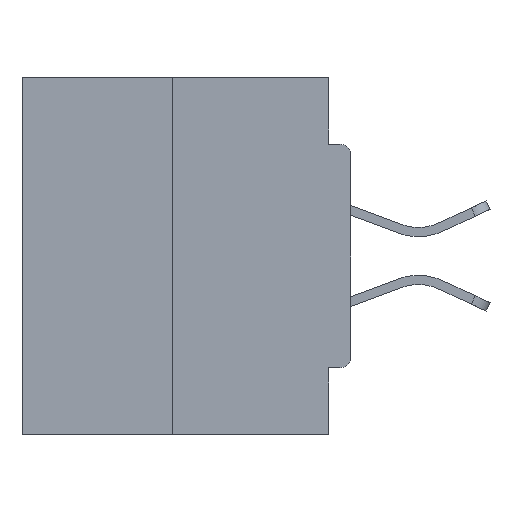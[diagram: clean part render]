
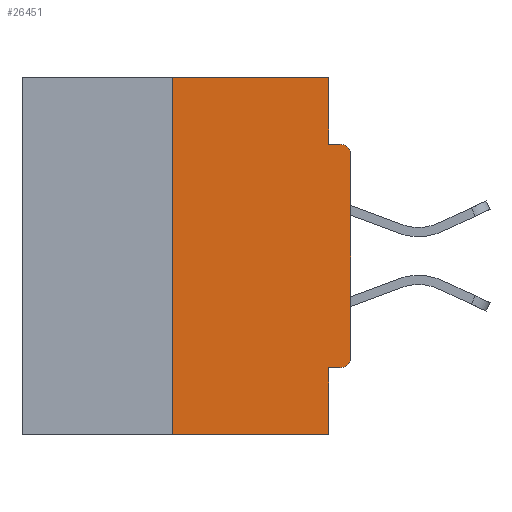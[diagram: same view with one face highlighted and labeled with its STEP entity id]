
A CAD part, left-side view. The second image highlights one B-rep face of the part: STEP entity #26451.
In plain terms, the highlighted planar face has unit normal (-1, 0, 0).
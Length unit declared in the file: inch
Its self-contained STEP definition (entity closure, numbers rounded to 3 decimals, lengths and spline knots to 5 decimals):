
#68 = EDGE_CURVE ( 'NONE', #5395, #19252, #23753, .T. ) ;
#239 = LINE ( 'NONE', #34001, #24662 ) ;
#1323 = CARTESIAN_POINT ( 'NONE',  ( 0., 0.46, -0.5 ) ) ;
#1684 = CARTESIAN_POINT ( 'NONE',  ( 0., 0., 0. ) ) ;
#1769 = DIRECTION ( 'NONE',  ( 0., -1., 0. ) ) ;
#1856 = ORIENTED_EDGE ( 'NONE', *, *, #25592, .F. ) ;
#2671 = CARTESIAN_POINT ( 'NONE',  ( 0., 0.031, -0.4065 ) ) ;
#3055 = CARTESIAN_POINT ( 'NONE',  ( 0., 0.031, -0.5 ) ) ;
#4102 = DIRECTION ( 'NONE',  ( 0., 0., -1. ) ) ;
#4878 = DIRECTION ( 'NONE',  ( 0., -1., 0. ) ) ;
#5395 = VERTEX_POINT ( 'NONE', #2671 ) ;
#6384 = CARTESIAN_POINT ( 'NONE',  ( 0., 0., -0.1085 ) ) ;
#6673 = ORIENTED_EDGE ( 'NONE', *, *, #29804, .T. ) ;
#6835 = CIRCLE ( 'NONE', #31846, 0.015 ) ;
#6850 = VERTEX_POINT ( 'NONE', #16167 ) ;
#8195 = DIRECTION ( 'NONE',  ( 0., 0., -1. ) ) ;
#8907 = EDGE_CURVE ( 'NONE', #34220, #24382, #27087, .T. ) ;
#10624 = CARTESIAN_POINT ( 'NONE',  ( 0., 0.015, -0.1085 ) ) ;
#11438 = CARTESIAN_POINT ( 'NONE',  ( 0., 0.015, -0.3915 ) ) ;
#11904 = CARTESIAN_POINT ( 'NONE',  ( 0., 0.031, 0. ) ) ;
#12187 = DIRECTION ( 'NONE',  ( 0., -1., 0. ) ) ;
#12281 = VERTEX_POINT ( 'NONE', #14077 ) ;
#12446 = EDGE_CURVE ( 'NONE', #6850, #33824, #17289, .T. ) ;
#12556 = PLANE ( 'NONE',  #26303 ) ;
#12636 = VERTEX_POINT ( 'NONE', #18670 ) ;
#12855 = CIRCLE ( 'NONE', #27015, 0.015 ) ;
#13355 = VECTOR ( 'NONE', #4878, 39.37008 ) ;
#13954 = FACE_OUTER_BOUND ( 'NONE', #23134, .T. ) ;
#14077 = CARTESIAN_POINT ( 'NONE',  ( 0., 0.015, -0.0935 ) ) ;
#14137 = VECTOR ( 'NONE', #1769, 39.37008 ) ;
#14344 = DIRECTION ( 'NONE',  ( -1., 0., 0. ) ) ;
#15289 = DIRECTION ( 'NONE',  ( 1., 0., 0. ) ) ;
#15451 = CARTESIAN_POINT ( 'NONE',  ( 0., 0.46, 0. ) ) ;
#15662 = ORIENTED_EDGE ( 'NONE', *, *, #20257, .F. ) ;
#16167 = CARTESIAN_POINT ( 'NONE',  ( 0., 0., -0.3915 ) ) ;
#17004 = ORIENTED_EDGE ( 'NONE', *, *, #12446, .T. ) ;
#17289 = LINE ( 'NONE', #1684, #22451 ) ;
#17602 = CARTESIAN_POINT ( 'NONE',  ( 0., 0.031, -0.5 ) ) ;
#17819 = DIRECTION ( 'NONE',  ( 0., 0., -1. ) ) ;
#18310 = VECTOR ( 'NONE', #33878, 39.37008 ) ;
#18670 = CARTESIAN_POINT ( 'NONE',  ( 0., 0.031, -0.0935 ) ) ;
#19149 = VERTEX_POINT ( 'NONE', #27827 ) ;
#19252 = VERTEX_POINT ( 'NONE', #17602 ) ;
#19953 = VERTEX_POINT ( 'NONE', #34685 ) ;
#20257 = EDGE_CURVE ( 'NONE', #24382, #12636, #34864, .T. ) ;
#20315 = VECTOR ( 'NONE', #8195, 39.37008 ) ;
#21070 = ORIENTED_EDGE ( 'NONE', *, *, #32226, .F. ) ;
#22213 = EDGE_CURVE ( 'NONE', #19149, #5395, #34274, .T. ) ;
#22233 = DIRECTION ( 'NONE',  ( 0., 0., -1. ) ) ;
#22451 = VECTOR ( 'NONE', #34413, 39.37008 ) ;
#22900 = EDGE_CURVE ( 'NONE', #33824, #12281, #6835, .T. ) ;
#23134 = EDGE_LOOP ( 'NONE', ( #23583, #21070, #6673, #32483, #27689, #24787, #17004, #30180, #1856, #15662 ) ) ;
#23149 = EDGE_CURVE ( 'NONE', #19149, #6850, #12855, .T. ) ;
#23583 = ORIENTED_EDGE ( 'NONE', *, *, #8907, .F. ) ;
#23753 = LINE ( 'NONE', #3055, #20315 ) ;
#24382 = VERTEX_POINT ( 'NONE', #26711 ) ;
#24550 = CARTESIAN_POINT ( 'NONE',  ( 0., 0., -0.4065 ) ) ;
#24662 = VECTOR ( 'NONE', #12187, 39.37008 ) ;
#24787 = ORIENTED_EDGE ( 'NONE', *, *, #23149, .T. ) ;
#25592 = EDGE_CURVE ( 'NONE', #12636, #12281, #239, .T. ) ;
#26303 = AXIS2_PLACEMENT_3D ( 'NONE', #31716, #15289, #17819 ) ;
#26451 = ADVANCED_FACE ( 'NONE', ( #13954 ), #12556, .F. ) ;
#26711 = CARTESIAN_POINT ( 'NONE',  ( 0., 0.031, 0. ) ) ;
#27015 = AXIS2_PLACEMENT_3D ( 'NONE', #11438, #14344, #22233 ) ;
#27087 = LINE ( 'NONE', #15451, #13355 ) ;
#27436 = DIRECTION ( 'NONE',  ( 0., 1., 0. ) ) ;
#27689 = ORIENTED_EDGE ( 'NONE', *, *, #22213, .F. ) ;
#27827 = CARTESIAN_POINT ( 'NONE',  ( 0., 0.015, -0.4065 ) ) ;
#27981 = CARTESIAN_POINT ( 'NONE',  ( 0., 0.25, 0. ) ) ;
#28241 = LINE ( 'NONE', #28758, #18310 ) ;
#28758 = CARTESIAN_POINT ( 'NONE',  ( 0., 0.25, 0. ) ) ;
#29804 = EDGE_CURVE ( 'NONE', #19953, #19252, #31685, .T. ) ;
#29834 = DIRECTION ( 'NONE',  ( -1., 0., 0. ) ) ;
#29948 = DIRECTION ( 'NONE',  ( 0., 0., -1. ) ) ;
#30180 = ORIENTED_EDGE ( 'NONE', *, *, #22900, .T. ) ;
#31685 = LINE ( 'NONE', #1323, #14137 ) ;
#31716 = CARTESIAN_POINT ( 'NONE',  ( 0., 0.46, 0. ) ) ;
#31846 = AXIS2_PLACEMENT_3D ( 'NONE', #10624, #29834, #29948 ) ;
#32226 = EDGE_CURVE ( 'NONE', #19953, #34220, #28241, .T. ) ;
#32483 = ORIENTED_EDGE ( 'NONE', *, *, #68, .F. ) ;
#33433 = VECTOR ( 'NONE', #27436, 39.37008 ) ;
#33609 = VECTOR ( 'NONE', #4102, 39.37008 ) ;
#33824 = VERTEX_POINT ( 'NONE', #6384 ) ;
#33878 = DIRECTION ( 'NONE',  ( 0., 0., 1. ) ) ;
#34001 = CARTESIAN_POINT ( 'NONE',  ( 0., 0., -0.0935 ) ) ;
#34220 = VERTEX_POINT ( 'NONE', #27981 ) ;
#34274 = LINE ( 'NONE', #24550, #33433 ) ;
#34413 = DIRECTION ( 'NONE',  ( 0., 0., 1. ) ) ;
#34685 = CARTESIAN_POINT ( 'NONE',  ( 0., 0.25, -0.5 ) ) ;
#34864 = LINE ( 'NONE', #11904, #33609 ) ;

··········

• What to work on: All lines from the start of the entries above through the line containing "Length unit declared in the file: inch" are to be given again exactly; the pictures are not.

• Task result:
[diagram: clean part render]
[diagram: same view with one face highlighted and labeled with its STEP entity id]
A CAD part, left-side view. The second image highlights one B-rep face of the part: STEP entity #26451.
In plain terms, the highlighted planar face has unit normal (-1, 0, 0).
Length unit declared in the file: inch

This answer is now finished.